Sou admiradora da professora e escritora Lu de Oliveira, peço licença a ela pra publicar em meu blog, seu texto “Órfãos de pais vivos”. Eu, como professora, também convivo diuturnamente com "órfãos de pais vivos" no meio escolar. Faço minhas as palavras da Lu. Eis o texto:
"Òrfãos de pais vivos" Por Lu Oliveira
Tenho compaixão de crianças e adolescentes que já não têm o pai
ou a mãe, ou os dois, o que é mais triste. Mesmo que fiquem sob os
cuidados de familiares, viver sem o colo materno para um aconchego ou
sem o ombro paterno na hora de uma dificuldade é muito difícil para os
pequenos. E se tenho compaixão desses meninos e meninas, também nutro o
mesmo sentimento pelos órfãos de pais vivos.
Sei que a expressão é forte e usá-la é correr o risco de ser mal
interpretada. Primeiramente, é preciso deixar claro que, caso eu tivesse
a fórmula para educar, já a teria embalado em frascos e a estaria
vendendo a preço de ouro. Como mãe, sinto-me desafiada todos os dias a
cumprir meu papel mantendo o equilíbrio entre afeto e autoridade.
Confesso que nem sempre consigo e a sensação de ter falhado é bastante
incômoda. E preciso mesmo me incomodar. Quem não se incomoda se acomoda.
Em Maringá, nas últimas semanas, casos de festas embaladas a
álcool envolvendo adolescentes ocuparam espaço nos noticiários. Faz
poucas semanas, a revista “Veja” trouxe como reportagem de capa o triste
quadro do consumo de bebidas alcoólicas entre menores de 18 anos. A
lei proíbe, mas, como em outras tantas situações neste País, há um
abismo entre a vida como ela deveria ser e como ela realmente é.
Imaginar adolescentes de 13 e 14 anos, por exemplo, intercalando
doses de vodka e copos de cerveja é assustador por vários motivos, mas o
que mais me inquieta é entender como eles foram parar nessas festas,
afinal, seria o caos imaginar que, além de beber feito adultos, também
dirigem seus próprios carros. Alguém precisou levá-los até lá, seja o
pai, a mãe, o tio, o irmão. Um adulto deixou esses adolescentes em um
lugar sem ao menos se informar se o programa era adequado para aquela
faixa etária. Discutindo isso com uma colega, ela argumentou que muitos
mentem para poder sair, às vezes até argumentando que o colégio que
frequentam está organizando a tal festa. E muitos pais, ingênuos, não se
dão ao trabalho de averiguar a informação.

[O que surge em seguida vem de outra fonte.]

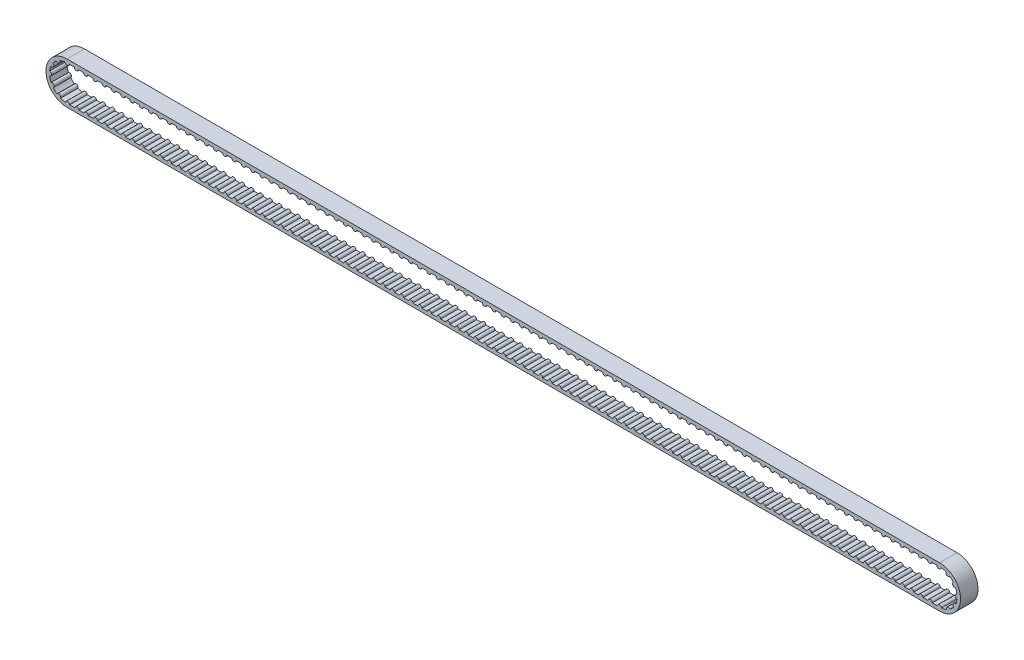
from build123d import *

# Parameters (mm, degrees)
BOSS_EXTRUDE2_DEPTH = 6
BOSS_EXTRUDE4_DEPTH = 6
CRVPATTERN7_DEPTH   = 6


# Read off the part's stored shape, not the designer's step: CrvPattern7
with BuildPart() as part:
    # Sketch1 → Boss-Extrude2 (new body)
    with BuildSketch(Plane.XY):
        with BuildLine():
            Line((0, 7.2), (300, 7.2))
            ThreePointArc((300, 7.2), (307.2, 0), (300, -7.2))
            Line((300, -7.2), (0, -7.2))
            ThreePointArc((0, -7.2), (-7.2, 0), (0, 7.2))
        make_face()
        with BuildLine():
            Line((0, 6), (300, 6))
            ThreePointArc((300, 6), (306, 0), (300, -6))
            Line((300, -6), (0, -6))
            ThreePointArc((0, -6), (-6, 0), (0, 6))
        make_face(mode=Mode.SUBTRACT)
    extrude(amount=BOSS_EXTRUDE2_DEPTH)

    # Sketch4 → Boss-Extrude4 (add)
    with BuildSketch(Plane.XY.offset(6)):
        with BuildLine():
            Line((50.349238174, 6), (51.749238174, 6))
            ThreePointArc((51.749238174, 6), (51.049238174, 5.3), (50.349238174, 6))
        make_face()
    extrude(amount=-BOSS_EXTRUDE4_DEPTH)

    # CrvPattern7 outline → CrvPattern7 (add)
    with BuildSketch(Plane.XY):
        with BuildLine():
            Line((54.937733733, 6), (53.537733733, 6))
            ThreePointArc((53.537733733, 6), (54.237733733, 5.3), (54.937733733, 6))
        make_face()
        with BuildLine():
            Line((48.560742615, 6), (47.160742615, 6))
            ThreePointArc((47.160742615, 6), (47.860742615, 5.3), (48.560742615, 6))
        make_face()
        with BuildLine():
            Line((45.372247055, 6), (43.972247055, 6))
            ThreePointArc((43.972247055, 6), (44.672247055, 5.3), (45.372247055, 6))
        make_face()
        with BuildLine():
            Line((42.183751496, 6), (40.783751496, 6))
            ThreePointArc((40.783751496, 6), (41.483751496, 5.3), (42.183751496, 6))
        make_face()
        with BuildLine():
            Line((38.995255937, 6), (37.595255937, 6))
            ThreePointArc((37.595255937, 6), (38.295255937, 5.3), (38.995255937, 6))
        make_face()
        with BuildLine():
            Line((35.806760378, 6), (34.406760378, 6))
            ThreePointArc((34.406760378, 6), (35.106760378, 5.3), (35.806760378, 6))
        make_face()
        with BuildLine():
            Line((32.618264819, 6), (31.218264819, 6))
            ThreePointArc((31.218264819, 6), (31.918264819, 5.3), (32.618264819, 6))
        make_face()
        with BuildLine():
            Line((29.429769259, 6), (28.029769259, 6))
            ThreePointArc((28.029769259, 6), (28.729769259, 5.3), (29.429769259, 6))
        make_face()
        with BuildLine():
            Line((26.2412737, 6), (24.8412737, 6))
            ThreePointArc((24.8412737, 6), (25.5412737, 5.3), (26.2412737, 6))
        make_face()
        with BuildLine():
            Line((23.052778141, 6), (21.652778141, 6))
            ThreePointArc((21.652778141, 6), (22.352778141, 5.3), (23.052778141, 6))
        make_face()
        with BuildLine():
            Line((19.864282582, 6), (18.464282582, 6))
            ThreePointArc((18.464282582, 6), (19.164282582, 5.3), (19.864282582, 6))
        make_face()
        with BuildLine():
            Line((16.675787022, 6), (15.275787022, 6))
            ThreePointArc((15.275787022, 6), (15.975787022, 5.3), (16.675787022, 6))
        make_face()
        with BuildLine():
            Line((13.487291463, 6), (12.087291463, 6))
            ThreePointArc((12.087291463, 6), (12.787291463, 5.3), (13.487291463, 6))
        make_face()
        with BuildLine():
            Line((10.298795904, 6), (8.898795904, 6))
            ThreePointArc((8.898795904, 6), (9.598795904, 5.3), (10.298795904, 6))
        make_face()
        with BuildLine():
            Line((7.110300345, 6), (5.710300345, 6))
            ThreePointArc((5.710300345, 6), (6.410300345, 5.3), (7.110300345, 6))
        make_face()
        with BuildLine():
            Line((3.921804786, 6), (2.521804786, 6))
            ThreePointArc((2.521804786, 6), (3.221804786, 5.3), (3.921804786, 6))
        make_face()
        with BuildLine():
            ThreePointArc((0, 6), (-0.333369891, 5.990731551), (-0.665709841, 5.962954839))
            ThreePointArc((-0.665709841, 5.962954839), (0.051838299, 5.300245276), (0.733309226, 6))
            Line((0.733309226, 6), (0, 6))
        make_face()
        with BuildLine():
            ThreePointArc((-2.386875705, 5.504800121), (-3.011764762, 5.189342253), (-3.595660354, 4.803251671))
            ThreePointArc((-3.595660354, 4.803251671), (-2.660392206, 4.58391899), (-2.386875705, 5.504800121))
        make_face()
        with BuildLine():
            ThreePointArc((-4.847284913, 3.536075363), (-5.226136079, 2.947456816), (-5.533853726, 2.318720107))
            ThreePointArc((-5.533853726, 2.318720107), (-4.616420203, 2.603586855), (-4.847284913, 3.536075363))
        make_face()
        with BuildLine():
            ThreePointArc((-5.970719949, 0.592033183), (-5.999038805, -0.107393756), (-5.945704077, -0.805358946))
            ThreePointArc((-5.945704077, -0.805358946), (-5.299150944, -0.094864484), (-5.970719949, 0.592033183))
        make_face()
        with BuildLine():
            ThreePointArc((-5.447315879, -2.515303107), (-5.11729154, -3.132623069), (-4.717615178, -3.707304551))
            ThreePointArc((-4.717615178, -3.707304551), (-4.520274194, -2.767150378), (-5.447315879, -2.515303107))
        make_face()
        with BuildLine():
            ThreePointArc((-3.421437585, -4.928870545), (-2.824097096, -5.293814843), (-2.188317508, -5.586704439))
            ThreePointArc((-2.188317508, -5.586704439), (-2.494619101, -4.676203111), (-3.421437585, -4.928870545))
        make_face()
        with BuildLine():
            Line((0, -6), (0.948108207, -6))
            ThreePointArc((0.948108207, -6), (0.25662171, -5.300051773), (-0.451684708, -5.982974254))
            ThreePointArc((-0.451684708, -5.982974254), (-0.226002739, -5.995742053), (0, -6))
        make_face()
        with BuildLine():
            Line((2.736603767, -6), (4.136603767, -6))
            ThreePointArc((4.136603767, -6), (3.436603767, -5.3), (2.736603767, -6))
        make_face()
        with BuildLine():
            Line((5.925099326, -6), (7.325099326, -6))
            ThreePointArc((7.325099326, -6), (6.625099326, -5.3), (5.925099326, -6))
        make_face()
        with BuildLine():
            Line((9.113594885, -6), (10.513594885, -6))
            ThreePointArc((10.513594885, -6), (9.813594885, -5.3), (9.113594885, -6))
        make_face()
        with BuildLine():
            Line((12.302090444, -6), (13.702090444, -6))
            ThreePointArc((13.702090444, -6), (13.002090444, -5.3), (12.302090444, -6))
        make_face()
        with BuildLine():
            Line((15.490586003, -6), (16.890586003, -6))
            ThreePointArc((16.890586003, -6), (16.190586003, -5.3), (15.490586003, -6))
        make_face()
        with BuildLine():
            Line((18.679081563, -6), (20.079081563, -6))
            ThreePointArc((20.079081563, -6), (19.379081563, -5.3), (18.679081563, -6))
        make_face()
        with BuildLine():
            Line((21.867577122, -6), (23.267577122, -6))
            ThreePointArc((23.267577122, -6), (22.567577122, -5.3), (21.867577122, -6))
        make_face()
        with BuildLine():
            Line((25.056072681, -6), (26.456072681, -6))
            ThreePointArc((26.456072681, -6), (25.756072681, -5.3), (25.056072681, -6))
        make_face()
        with BuildLine():
            Line((28.24456824, -6), (29.64456824, -6))
            ThreePointArc((29.64456824, -6), (28.94456824, -5.3), (28.24456824, -6))
        make_face()
        with BuildLine():
            Line((31.4330638, -6), (32.8330638, -6))
            ThreePointArc((32.8330638, -6), (32.1330638, -5.3), (31.4330638, -6))
        make_face()
        with BuildLine():
            Line((34.621559359, -6), (36.021559359, -6))
            ThreePointArc((36.021559359, -6), (35.321559359, -5.3), (34.621559359, -6))
        make_face()
        with BuildLine():
            Line((37.810054918, -6), (39.210054918, -6))
            ThreePointArc((39.210054918, -6), (38.510054918, -5.3), (37.810054918, -6))
        make_face()
        with BuildLine():
            Line((40.998550477, -6), (42.398550477, -6))
            ThreePointArc((42.398550477, -6), (41.698550477, -5.3), (40.998550477, -6))
        make_face()
        with BuildLine():
            Line((44.187046036, -6), (45.587046036, -6))
            ThreePointArc((45.587046036, -6), (44.887046036, -5.3), (44.187046036, -6))
        make_face()
        with BuildLine():
            Line((47.375541596, -6), (48.775541596, -6))
            ThreePointArc((48.775541596, -6), (48.075541596, -5.3), (47.375541596, -6))
        make_face()
        with BuildLine():
            Line((50.564037155, -6), (51.964037155, -6))
            ThreePointArc((51.964037155, -6), (51.264037155, -5.3), (50.564037155, -6))
        make_face()
        with BuildLine():
            Line((53.752532714, -6), (55.152532714, -6))
            ThreePointArc((55.152532714, -6), (54.452532714, -5.3), (53.752532714, -6))
        make_face()
        with BuildLine():
            Line((56.941028273, -6), (58.341028273, -6))
            ThreePointArc((58.341028273, -6), (57.641028273, -5.3), (56.941028273, -6))
        make_face()
        with BuildLine():
            Line((60.129523832, -6), (61.529523832, -6))
            ThreePointArc((61.529523832, -6), (60.829523832, -5.3), (60.129523832, -6))
        make_face()
        with BuildLine():
            Line((63.318019392, -6), (64.718019392, -6))
            ThreePointArc((64.718019392, -6), (64.018019392, -5.3), (63.318019392, -6))
        make_face()
        with BuildLine():
            Line((66.506514951, -6), (67.906514951, -6))
            ThreePointArc((67.906514951, -6), (67.206514951, -5.3), (66.506514951, -6))
        make_face()
        with BuildLine():
            Line((69.69501051, -6), (71.09501051, -6))
            ThreePointArc((71.09501051, -6), (70.39501051, -5.3), (69.69501051, -6))
        make_face()
        with BuildLine():
            Line((72.883506069, -6), (74.283506069, -6))
            ThreePointArc((74.283506069, -6), (73.583506069, -5.3), (72.883506069, -6))
        make_face()
        with BuildLine():
            Line((76.072001629, -6), (77.472001629, -6))
            ThreePointArc((77.472001629, -6), (76.772001629, -5.3), (76.072001629, -6))
        make_face()
        with BuildLine():
            Line((79.260497188, -6), (80.660497188, -6))
            ThreePointArc((80.660497188, -6), (79.960497188, -5.3), (79.260497188, -6))
        make_face()
        with BuildLine():
            Line((82.448992747, -6), (83.848992747, -6))
            ThreePointArc((83.848992747, -6), (83.148992747, -5.3), (82.448992747, -6))
        make_face()
        with BuildLine():
            Line((85.637488306, -6), (87.037488306, -6))
            ThreePointArc((87.037488306, -6), (86.337488306, -5.3), (85.637488306, -6))
        make_face()
        with BuildLine():
            Line((88.825983865, -6), (90.225983865, -6))
            ThreePointArc((90.225983865, -6), (89.525983865, -5.3), (88.825983865, -6))
        make_face()
        with BuildLine():
            Line((92.014479425, -6), (93.414479425, -6))
            ThreePointArc((93.414479425, -6), (92.714479425, -5.3), (92.014479425, -6))
        make_face()
        with BuildLine():
            Line((95.202974984, -6), (96.602974984, -6))
            ThreePointArc((96.602974984, -6), (95.902974984, -5.3), (95.202974984, -6))
        make_face()
        with BuildLine():
            Line((98.391470543, -6), (99.791470543, -6))
            ThreePointArc((99.791470543, -6), (99.091470543, -5.3), (98.391470543, -6))
        make_face()
        with BuildLine():
            Line((101.579966102, -6), (102.979966102, -6))
            ThreePointArc((102.979966102, -6), (102.279966102, -5.3), (101.579966102, -6))
        make_face()
        with BuildLine():
            Line((104.768461661, -6), (106.168461661, -6))
            ThreePointArc((106.168461661, -6), (105.468461661, -5.3), (104.768461661, -6))
        make_face()
        with BuildLine():
            Line((107.956957221, -6), (109.356957221, -6))
            ThreePointArc((109.356957221, -6), (108.656957221, -5.3), (107.956957221, -6))
        make_face()
        with BuildLine():
            Line((111.14545278, -6), (112.54545278, -6))
            ThreePointArc((112.54545278, -6), (111.84545278, -5.3), (111.14545278, -6))
        make_face()
        with BuildLine():
            Line((114.333948339, -6), (115.733948339, -6))
            ThreePointArc((115.733948339, -6), (115.033948339, -5.3), (114.333948339, -6))
        make_face()
        with BuildLine():
            Line((117.522443898, -6), (118.922443898, -6))
            ThreePointArc((118.922443898, -6), (118.222443898, -5.3), (117.522443898, -6))
        make_face()
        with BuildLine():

Há quem defenda veementemente o diálogo como a base para um
relacionamento harmonioso. Faz sentido. Entretanto, dialogar com o filho
não quer dizer ouvi-lo e lhe conceder tudo que ele pedir. O
medo de que o não cause algum trauma ou faça a meninada perder o amor
pela família está criando uma geração que tem extrema dificuldade em
perceber que a vida impõe limites.
Lembro-me de um caso emblemático para esta discussão: um pai,
cujo filho havia sido pego com uísque em uma viagem da escola, foi
chamado pela direção para conversar. Depois de admitir que ele mesmo é
que havia comprado a bebida para o menino, suplicou para que o colégio
não relatasse o episódio para a esposa. Se houvesse um concurso de órfão
de pai vivo, certamente esse aluno ganharia o primeiro lugar com
louvor.
Educar exige um esforço quase sobre-humano, ainda mais quando
temos que preparar nossos filhos para dizer não aos convites que o mundo
faz. Crianças e adolescentes vão tentar burlar as regras, vão tentar
transgredir os combinados, vão tentar infringir as normas estabelecidas
durante o jantar em família. Todos nós, um dia, de um jeito ou de outro,
tentamos fazer isso quando tínhamos 15 anos. O problema não é só a
tentativa do jovem, mas a negligência do adulto.
Muitas crianças e adolescentes perderão os pais, afinal, se há
algo que faz parte da vida é a morte. Mas é cruel demais que fiquem
órfãos mesmo quando exista alguém ao lado deles.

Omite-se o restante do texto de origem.